The file name is test.csv
. The content is a summary of Bitcoin prices for 86400 lines (one day) per second.
test.csv
date,price,size
1588258800,933239.0,3.91528007
1588258801,933103.0,3.91169431
1588258802,932838.0,2.91
1588258803,933217.0,0.5089811
(Omission)
1588345195,955028.0,0.0
1588345196,954959.0,0.05553
1588345197,954984.0,1.85356
1588345198,955389.0,10.91445135
1588345199,955224.0,3.61106
Although it has nothing to do with the main subject, if you explain each item for the time being, the units of date, price, and size are UnixTime, YEN, BTC.
The first line means that at time 1588258800
, that is, at 0:00:00 on May 1st, 3.915280007
of Bitcoin was bought and sold for 933239.0
yen.
First, use the built-in function ʻopen ()` to get the file object, read all the lines from the beginning, and output only the last n lines.

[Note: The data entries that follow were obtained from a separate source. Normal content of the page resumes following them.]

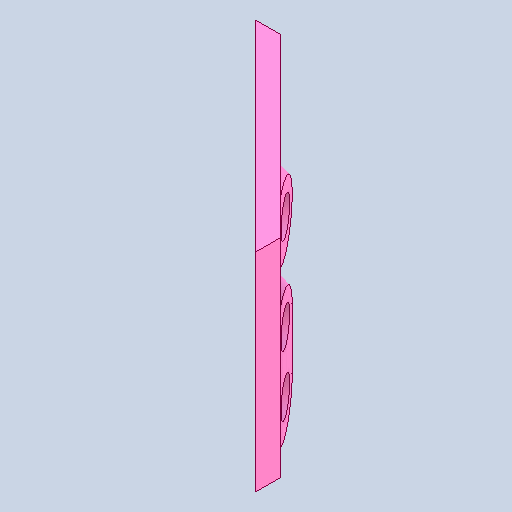
# Autodesk Inventor part: Mirror Plate
Saved by Autodesk Inventor 2023.1 (Build 271208000, 208)
## iProperties
Created: 2022-08-09
Part Number: Mirror Plate
Material: Generic
Document SubType Name: Modeling
Designer: xSibe
Density: 1 g/cm^3
Appearance: Plastic Pink
Author: xSibe
Autodesk Inventor part; units mm, degrees
ref_plane "YZ Plane" through (0, 0, 0) normal (1, 0, 0) x (0, 1, 0)
ref_plane "Work Plane1" through (-24.9, -24.9, 7.7) normal (0, 0, 1) x (1, 0, 0)
sketch "Sketch1" plane through (0, 0, 0) normal (0, 0, 1) x (0, 1, 0)
  circle A0 centre (20.9, 10) radius 1.875 projected
  circle A1 centre (-20.9, 10) radius 1.875 projected
  circle A2 centre (20.9, -10) radius 1.875 projected
  circle A3 centre (-20.9, -10) radius 1.875 projected
  circle A4 centre (-14.4, -20.8) radius 2.0675 projected
  circle A5 centre (14.4, -20.8) radius 2.0675 projected
  circle A6 centre (14.4, 20.8) radius 2.0675 projected
  circle A7 centre (-14.4, 20.8) radius 2.0675 projected
  line L0 (-16.9, -16.9) -> (-16.9, 16.9) projected
  line L1 (-16.9, 16.9) -> (16.9, 16.9) projected
  line L2 (16.9, 16.9) -> (16.9, -16.9) projected
  line L3 (16.9, -16.9) -> (-16.9, -16.9) projected
  line L4 (24.9, 17.05) -> (22.55, 17.05) projected
  line L5 (22.55, 17.05) -> (17.05, 22.55) projected
  line L6 (17.05, 22.55) -> (17.05, 24.9) projected
  line L7 (17.05, 24.9) -> (-17.05, 24.9) projected
  line L8 (-17.05, 24.9) -> (-17.05, 22.55) projected
  line L9 (-17.05, 22.55) -> (-22.55, 17.05) projected
  line L10 (-22.55, 17.05) -> (-24.9, 17.05) projected
  line L11 (-24.9, 17.05) -> (-24.9, -17.05) projected
  line L12 (-24.9, -17.05) -> (-22.55, -17.05) projected
  line L13 (-22.55, -17.05) -> (-17.05, -22.55) projected
  line L14 (-17.05, -22.55) -> (-17.05, -24.9) projected
  line L15 (-17.05, -24.9) -> (17.05, -24.9) projected
  line L16 (17.05, -24.9) -> (17.05, -22.55) projected
  line L17 (17.05, -22.55) -> (22.55, -17.05) projected
  line L18 (22.55, -17.05) -> (24.9, -17.05) projected
  line L19 (24.9, -17.05) -> (24.9, 17.05) projected
  line L20 (16.975, -24.825) -> (-16.975, -24.825)
  line L21 (-16.975, -24.825) -> (-16.975, -22.5189)
  line L22 (-16.975, -22.5189) -> (-22.5189, -16.975)
  line L23 (-22.5189, -16.975) -> (-24.825, -16.975)
  line L24 (-24.825, -16.975) -> (-24.825, 16.975)
  line L25 (-24.825, 16.975) -> (-22.5189, 16.975)
  line L26 (-22.5189, 16.975) -> (-16.975, 22.5189)
  line L27 (-16.975, 22.5189) -> (-16.975, 24.825)
  line L28 (-16.975, 24.825) -> (16.975, 24.825)
  line L29 (16.975, 24.825) -> (16.975, 22.5189)
  line L30 (16.975, 22.5189) -> (22.5189, 16.975)
  line L31 (22.5189, 16.975) -> (24.825, 16.975)
  line L32 (24.825, 16.975) -> (24.825, -16.975)
  line L33 (24.825, -16.975) -> (22.5189, -16.975)
  line L34 (22.5189, -16.975) -> (16.975, -22.5189)
  line L35 (16.975, -22.5189) -> (16.975, -24.825)
  dimension "d5" = 0.075
  constraints: 32 end point, 15 other
  measures "d5" distance between parallel lines of L15 L20
extrude "Extrusion1" add sketch "Sketch1" along normal blind 2.5 from surface at 7.7 contours A0 | A1 | A2 | A3 | A4 | A5 | A6 | A7 | L0 L1 L2 L3 | L20 L21 L22 L23 L24 L25 L26 L27 L28 L29 L30 L31 L32 L33 L34 L35
sketch "Sketch2" plane through (0, 0, 0) normal (0, 1, 0) x (-1, 0, 0)
  line L0 (16.975, 10.2) -> (-16.975, 10.2) projected
  line L1 (-16.975, 7.7) -> (-16.975, 10.2) projected
  line L2 (16.975, 7.7) -> (-16.975, 7.7) projected
  line L3 (16.975, 7.7) -> (16.975, 10.2) projected
  line L4 (16.975, 7.7) -> (-16.975, 41.65)
  line L5 (16.975, 7.7) -> (64.9876, 7.7) construction
  line L6 (-16.975, 41.65) -> (-16.975, 10.2)
  line L7 (-20.5105, 41.65) -> (10.9395, 10.2)
  line L8 (7.4039, 10.2) -> (-24.0461, 41.65)
  line L9 (-19.475, 12.7) -> (19.475, 12.7)
  line L10 (19.475, 12.7) -> (19.475, 5.2)
  line L11 (19.475, 5.2) -> (-19.475, 5.2)
  line L12 (-19.475, 5.2) -> (-19.475, 12.7)
  line L13 (-16.975, 41.65) -> (-24.825, 41.65)
  line L14 (-24.825, 41.65) -> (-24.825, 10.2)
  line L15 (-24.825, 10.2) -> (-16.975, 10.2)
  line L16 (-16.975, 10.2) -> (-16.975, 41.65)
  point P0 (0, 0)
  point P1 (14.475, 10.2)
  point P2 (-16.975, 38.1145)
  point P3 (-16.975, 34.5789)
  point P4 (8.4395, 12.7)
  point P5 (11.975, 12.7)
  point P6 (-19.475, 10.2)
  point P7 (-16.975, 12.7)
  point P8 (-16.975, 10.2)
  dimension "d6" = 135
  dimension "d9" = 2.5
  dimension "d10" = 2.5
  dimension "d13" = 2.5
  constraints: 26 end point, 8 point on line, 2 horizontal, 2 parallel, 2 perpendicular, 1 equal length, 3 other
  measures "d6" angle of L5 L4
  measures "d9" distance between parallel lines of L4 L7
  measures "d10" distance between parallel lines of L7 L8
  measures "d13" distance between parallel lines of L0 L9
extrude "Extrusion2" add sketch "Sketch2" along normal mid plane 30 contours L7 L9 L4 L0 | L0 L8 L9 L7 | L0 L6 L9 L8 | L9 L8 L6 L7 | L7 L6 L4 L9 | L15 L12 L9 L6 | L9 L6 L8 | L7 L13 L6 | L6 L8 L13 L7 | L9 L12 L15 L14 L13 L8 L6
extrude "Extrusion3" cut sketch "Sketch2" along normal mid plane 30 contours L7 L9 L4 L0 | L0 L8 L9 L7 | L9 L8 L6 L7 | L7 L13 L6 | L6 L8 L13 L7
ref_plane "Work Plane2" through (24.825, 0, 41.65) normal (0.9848078, 0, -0.1736482) x (0, 1, 0)
sketch "Sketch3" plane through (20.7643, -15, 18.6207) normal (0.9848078, 0, -0.1736482) x (-0.1736482, 0, -0.9848078)
  line L0 (10.902, 0) -> (-18.5396, 0) projected
  line L1 (10.902, 0) -> (10.902, 30) projected
  line L2 (-18.5396, 30) -> (10.902, 30) projected
  line L3 (-18.5396, 15) -> (10.902, 15)
  line L4 (6.1812, 6.25) -> (-13.8188, 6.25)
  line L5 (-13.8188, 6.25) -> (-13.8188, 23.75)
  line L6 (-13.8188, 23.75) -> (6.1812, 23.75)
  line L7 (6.1812, 23.75) -> (6.1812, 6.25)
  line L8 (6.1812, 6.25) -> (-13.8188, 23.75) construction
  line L9 (-13.8188, 6.25) -> (6.1812, 23.75) construction
  circle A0 centre (-13.8188, 6.25) radius 2.5875
  circle A1 centre (-13.8188, 6.25) radius 5.0875
  line L10 (-3.8188, 15) -> (-3.8188, 6.25)
  line L11 (-3.8188, 10.625) -> (-13.8188, 10.625)
  line L12 (-8.8188, 10.625) -> (-8.8188, 6.25)
  circle A2 centre (-13.8188, 15) radius 2.5875
  circle A3 centre (-13.8188, 15) radius 5.0875
  circle A4 centre (-3.8188, 15) radius 5.0875
  circle A5 centre (-3.8188, 15) radius 2.5875
  line L13 (-18.9063, 6.25) -> (-18.9063, 15)
  line L14 (-8.7313, 15) -> (-8.7313, 6.25)
  line L15 (-18.5396, 0) -> (-18.5396, 30) projected
  point P0 (21.9435, 15)
  dimension "d16" = 20
  dimension "d17" = 17.5
  dimension "d18" = 5.175
  dimension "d19" = 2.5
  constraints: 24 end point, 8 midpoint, 6 centre point, 5 point on line, 4 point on circle, 3 perpendicular, 2 parallel, 1 coincident, 1 horizontal, 1 symmetric about line, 1 tangent, 4 other
  measures "d16" distance of L5.end L6.end
  measures "d17" distance of L4.end L5.end
  measures "d18" diameter of A0
  measures "d19" radial gap between concentric circles of A0 A1
extrude "Extrusion4" cut sketch "Sketch3" along normal mid plane 50 contours A0 L5 L4 | L4 L5 A0 | A2 L3 L5 | L5 L3 A2 | A2 L5 L3 | A2 L3 L5
extrude "Extrusion5" cut sketch "Sketch3" along normal blind 4.25 and the other way blind 2.5 contours L15 A1 A3 L5 A0 L4 | A1 L15 | L13 A3 L15 A1 | L4 L12 A1 | A1 L12 L11 L14 | L15 A3 A1 | A3 L15 | L4 A0 L5 A3 A1 L12 | A1 L11 L12 | L11 A3 A4 L14 | A3 L15 L3 A2 L5 A1 | A1 L5 A3 | A3 L5 A2 L3 L15 | A4 L3 A2 L5 A3 | A3 L3 A4 | A0 L5 L4 | L4 L5 A0 | L11 L5 A1 | A3 L5 L11 | A1 L5 A2 L3 A4 A3 | A4 A3 L14 | A3 A4 L3 | A2 L3 L5 | L5 L3 A2 | A2 L5 L3 | A2 L3 L5
sketch "Sketch4" plane through (17.8921, 0, 2.3313) normal (0.9848078, 0, -0.1736482) x (0, 1, 0)
  line L0 (-15, 5.6387) -> (-15, 35.0803) projected
  line L1 (-15, 5.6387) -> (15, 5.6387) projected
  line L2 (15, 35.0803) -> (15, 5.6387) projected
  circle A0 centre (0, 14.3887) radius 2.5875
  circle A1 centre (0, 14.3887) radius 5.0875
  line L3 (-15, 35.0803) -> (15, 35.0803) projected
  line L4 (0, 5.6387) -> (0, 14.3887)
  point P0 (0, -5.1645)
  dimension "d25" = 5.175
  dimension "d26" = 2.5
  dimension "d37" = 8.75
  constraints: 2 centre point, 2 end point, 1 coincident, 1 midpoint, 1 vertical
  measures "d25" diameter of A0
  measures "d26" radial gap between concentric circles of A0 A1
  measures "d37" distance of L4.start L4.end
extrude "Extrusion6" cut sketch "Sketch4" along normal mid plane 100 contours A0
extrude "Extrusion7" cut sketch "Sketch4" along normal blind 15 and the other way blind 10 contours A0 | A1
sketch "Sketch7" plane through (-3.5875, 0, 17.552) normal (0, 1, 0) x (-0.7071068, 0, -0.7071068)
  line L0 (-20.158, 0) -> (-26.4755, 0) projected
  line L1 (-0.6613, 0) -> (-6.9788, 0) projected
  line L2 (1.0892, 2.5) -> (-0.6613, 0) projected
  line L3 (-5.2283, 2.5) -> (1.0892, 2.5) projected
  line L4 (-5.2283, 2.5) -> (-6.9788, 0) projected
  line L5 (-18.4075, 2.5) -> (-20.158, 0) projected
  line L6 (-24.725, 2.5) -> (-18.4075, 2.5) projected
  line L7 (-24.725, 2.5) -> (-26.4755, 0) projected
  line L8 (-3.8201, 0) -> (-4.0701, 0)
  line L9 (-23.3168, 0) -> (-23.5668, 0)
  line L10 (-1.7448, -1.4254) -> (-6.7427, -0.5442)
  line L11 (-6.7427, -0.5442) -> (-6.3954, 1.4254)
  line L12 (-6.3954, 1.4254) -> (-1.3975, 0.5442)
  line L13 (-1.3975, 0.5442) -> (-1.7448, -1.4254)
  line L14 (-1.7448, -1.4254) -> (-6.3954, 1.4254) construction
  line L15 (-6.7427, -0.5442) -> (-1.3975, 0.5442) construction
  line L16 (-1.7448, -1.4254) -> (3.3302, -1.4254) construction
  line L17 (-21.2415, -1.4254) -> (-26.2394, -0.5442)
  line L18 (-26.2394, -0.5442) -> (-25.8921, 1.4254)
  line L19 (-25.8921, 1.4254) -> (-20.8942, 0.5442)
  line L20 (-20.8942, 0.5442) -> (-21.2415, -1.4254)
  line L21 (-21.2415, -1.4254) -> (-25.8921, 1.4254) construction
  line L22 (-26.2394, -0.5442) -> (-20.8942, 0.5442) construction
  line L23 (-21.2415, -1.4254) -> (-16.1665, -1.4254) construction
  line L24 (-27.1088, 3.1631) -> (-27.9771, -1.7609)
  line L25 (-27.9771, -1.7609) -> (-20.0247, -3.1631)
  line L26 (-20.0247, -3.1631) -> (-19.1565, 1.7609)
  line L27 (-19.1565, 1.7609) -> (-27.1088, 3.1631)
  line L28 (-7.6121, 3.1631) -> (-8.4804, -1.7609)
  line L29 (-8.4804, -1.7609) -> (-0.528, -3.1631)
  line L30 (-0.528, -3.1631) -> (0.3402, 1.7609)
  line L31 (0.3402, 1.7609) -> (-7.6121, 3.1631)
  line L32 (-0.6613, 0) -> (0.0297, 0)
  line L33 (-20.158, 0) -> (-19.467, 0)
  line L34 (-1.7448, -1.4254) -> (0.0297, 0)
  line L35 (-21.2415, -1.4254) -> (-19.467, 0)
  line L36 (-26.4755, 0) -> (-27.6666, 0)
  line L37 (-6.9788, 0) -> (-8.1699, 0)
  line L38 (-6.7427, -0.5442) -> (-8.1699, 0)
  line L39 (-26.2394, -0.5442) -> (-27.6666, 0)
  point P0 (-1.4934, 0)
  point P1 (-6.6467, 0)
  point P2 (-26.1434, 0)
  point P3 (-20.9901, 0)
  dimension "d70" = 0.25
  dimension "d71" = 0.25
  dimension "d72" = 5.075
  dimension "d73" = 170
  dimension "d74" = 2
  dimension "d75" = 5.075
  dimension "d76" = 170
  dimension "d77" = 2
  dimension "d78" = 1.5
  dimension "d79" = 1.5
  constraints: 64 end point, 8 parallel, 8 point on line, 6 midpoint, 5 perpendicular, 4 horizontal, 2 equal length, 6 other
  measures "d70" distance of L8.start L8.end
  measures "d71" distance of L9.start L9.end
  measures "d72" distance of L10.start L10.end
  measures "d73" angle of L16 L10
  measures "d74" distance of L10.end L11.end
  measures "d75" distance of L17.start L17.end
  measures "d76" angle of L23 L17
  measures "d77" distance of L17.end L18.end
  measures "d78" distance between parallel lines of L18 L24
  measures "d79" distance between parallel lines of L11 L28
extrude "Extrusion10" add sketch "Sketch7" along normal mid plane 30 contours L0 L18 L7 L19 L20 | L20 L19 L7 L6 L27 L26 L5 L0 | L0 L7 L18 | L26 L27 L6 L5 | L1 L11 L4 L12 L13 | L13 L12 L4 L3 L31 L30 L2 L1 | L1 L4 L11 | L30 L31 L3 L2
extrude "Extrusion11" cut sketch "Sketch7" along normal mid plane 5.075 contours L0 L20 L17 L18 | L0 L18 L7 L19 L20 | L18 L19 L7 | L1 L13 L10 L11 | L1 L11 L4 L12 L13 | L11 L12 L4
sketch "Sketch8" plane through (13.713, -15.0375, 36.8684) normal (0.819152, 0, -0.5735764) x (-0.5735764, 0, -0.819152)
  line L0 (0, 12.5) -> (0, 17.575) projected
  line L1 (5.075, 17.575) -> (5.075, 12.5) projected
  line L2 (0, 12.5) -> (5.075, 12.5) projected
  line L3 (5.075, 17.575) -> (0, 17.575) projected
  line L4 (2.5375, 12.5) -> (2.5375, 17.575)
  circle A0 centre (2.5375, 15.0375) radius 2.5375
  circle A1 centre (2.5375, 15.0375) radius 4.0375
  circle A2 centre (2.5375, 6.2875) radius 4.0375
  circle A3 centre (2.5375, 6.2875) radius 2.5375
  line L5 (-1.5, 6.2875) -> (-1.5, 15.0375)
  line L6 (6.575, 6.2875) -> (6.575, 15.0375)
  point P0 (38.0663, 15.0375)
  dimension "d86" = 5.075
  dimension "d87" = 1.5
  dimension "d90" = 8.75
  constraints: 6 end point, 4 centre point, 4 point on circle, 4 tangent, 3 midpoint, 1 vertical, 3 other
  measures "d86" diameter of A0
  measures "d87" radial gap between concentric circles of A0 A1
  measures "d90" distance of A0.centre A3.centre
extrude "Extrusion12" cut sketch "Sketch8" along normal blind 1.5 contours A0 L4 | L4 A0 | A3
extrude "Extrusion13" add sketch "Sketch8" along normal blind 1.5 contours L0 A0 L2 | L0 L3 A0 | A0 L1 L2 | L3 L1 A0 | A1 | L6 A2 L5 A1 | A2
sketch "Sketch9" plane through (-0.0732, -2.5375, 23.0821) normal (0.819152, 0, -0.5735764) x (-0.5735764, 0, -0.819152)
  line L0 (0, 0) -> (0, 5.075) projected
  line L1 (0, 0) -> (5.075, 0) projected
  line L2 (5.075, 5.075) -> (5.075, 0) projected
  line L3 (5.075, 5.075) -> (0, 5.075) projected
  line L4 (2.5375, 0) -> (2.5375, 5.075)
  circle A0 centre (2.5375, 2.5375) radius 2.5375
  circle A1 centre (2.5375, 2.5375) radius 4.0375
  point P0 (18.8658, 2.5375)
  dimension "d99" = 5.075
  dimension "d100" = 1.5
  constraints: 3 midpoint, 2 centre point, 2 end point
  measures "d99" diameter of A0
  measures "d100" radial gap between concentric circles of A0 A1
extrude "Extrusion14" add sketch "Sketch9" along normal blind 1.5 contours L0 A0 L1 | L0 L3 A0 | A0 L2 L1 | L3 L2 A0 | A1
chamfer "Chamfer1" distance 1.21 angle 45 3 edges at (11.9583, -12.4749, 33.0978) (-1.8279, 3.7249, 19.3115) (-1.8279, -3.7249, 19.3115)
sketch "Sketch10" plane through (0, 0, 0) normal (0, 1, 0) x (-1, 0, 0)
  line L0 (8.4395, 12.7) -> (-16.975, 38.1145) projected
  line L1 (-16.975, 38.1145) -> (-16.975, 41.65) projected
  line L2 (-16.975, 41.65) -> (11.975, 12.7) projected
  line L3 (11.975, 12.7) -> (8.4395, 12.7) projected
  line L4 (-11.1764, 30.6305) -> (-15.1128, 36.2522) projected
  line L5 (-11.1689, 30.6232) -> (-11.1764, 30.6305) projected
  line L6 (-15.1128, 36.2522) -> (-9.3221, 30.4616) projected
  line L7 (-1.3265, 22.466) -> (2.6099, 16.8443) projected
  line L8 (2.6099, 16.8443) -> (2.6099, 16.8443) projected
  line L9 (2.6099, 16.8443) -> (-1.3265, 22.466) projected
  line L10 (-1.3265, 22.466) -> (-1.3265, 22.466) projected
  line L11 (-24.0461, 41.65) -> (7.4039, 10.2) projected
  line L12 (-24.825, 10.2) -> (7.4039, 10.2) projected
  line L13 (-24.825, 10.2) -> (-24.825, 41.65) projected
  line L14 (-24.825, 41.65) -> (-24.0461, 41.65) projected
  line L15 (22.5189, 10.2) -> (24.825, 10.2) projected
  line L16 (24.825, 7.7) -> (24.825, 10.2) projected
  line L17 (22.5189, 7.7) -> (24.825, 7.7) projected
  line L18 (22.5189, 7.7) -> (22.5189, 10.2) projected
  line L19 (16.975, 10.2) -> (22.5189, 10.2) projected
  line L20 (22.5189, 7.7) -> (22.5189, 10.2) projected
  line L21 (16.975, 7.7) -> (22.5189, 7.7) projected
  line L22 (16.975, 7.7) -> (16.975, 10.2) projected
  line L23 (-16.975, 10.2) -> (16.975, 10.2) projected
  line L24 (16.975, 7.7) -> (16.975, 10.2) projected
  line L25 (-16.975, 7.7) -> (16.975, 7.7) projected
  line L26 (-16.975, 7.7) -> (-16.975, 10.2) projected
  line L27 (-22.5189, 10.2) -> (-16.975, 10.2) projected
  line L28 (-16.975, 7.7) -> (-16.975, 10.2) projected
  line L29 (-22.5189, 7.7) -> (-16.975, 7.7) projected
  line L30 (-22.5189, 7.7) -> (-22.5189, 10.2) projected
  line L31 (-24.825, 10.2) -> (-22.5189, 10.2) projected
  line L32 (-22.5189, 7.7) -> (-22.5189, 10.2) projected
  line L33 (-24.825, 7.7) -> (-22.5189, 7.7) projected
  line L34 (-24.825, 7.7) -> (-24.825, 10.2) projected
  line L35 (2.6099, 16.8443) -> (8.4395, 12.7)
  line L36 (-11.1764, 30.6305) -> (-1.3265, 22.466)
  line L37 (-11.1689, 30.6232) -> (-9.3221, 30.4616) projected
  point P0 (0, 0)
  constraints: 4 end point
extrude "Extrusion15" cut sketch "Sketch10" along normal mid plane 50 contours L11 L12 L13 L14 | L23 L22 L25 L26 L12 | L26 L29 L30 L12 | L19 L18 L21 L22 | L12 L30 L33 L34 | L15 L16 L17 L18
body "Solid1"

If n is 0 or a negative integer, strange results will be obtained, so it is actually necessary to perform processing limited to natural numbers, but it is important to make it easy to see.
python
def tail(fn, n):
#Open the file and get all the lines in a list
with open(fn, 'r') as f:
#Read one line.The first line is the header, so discard the result
f.readline()
#Read all lines
lines = f.readlines()
#Returns only n lines from the back
return lines[-n:]
#result
file_name = 'test.csv'
tail(file_name, 3)
# ['1588345197,954984.0,1.85356\n',
# '1588345198,955389.0,10.91445135\n',
# '1588345199,955224.0,3.61106\n']
If it is a text file, you can leave it as it is, but make it a little easier to use for csv files.
python
def tail(fn, n):
#Open the file and get all the lines in a list
with open(fn, 'r') as f:
f.readline()
lines = f.readlines()
#Return a string as an array.By the way str->Type convert to float
return [list(map(float ,line.strip().split(','))) for line in lines[-n:]]
#result
tail(file_name, 3)
# [[1588345197.0, 954984.0, 1.85356],
# [1588345198.0, 955389.0, 10.91445135],
# [1588345199.0, 955224.0, 3.61106]]
The only thing that has changed is the return
line, but the functions are so crowded that it's hard to understand, so I'll break it down.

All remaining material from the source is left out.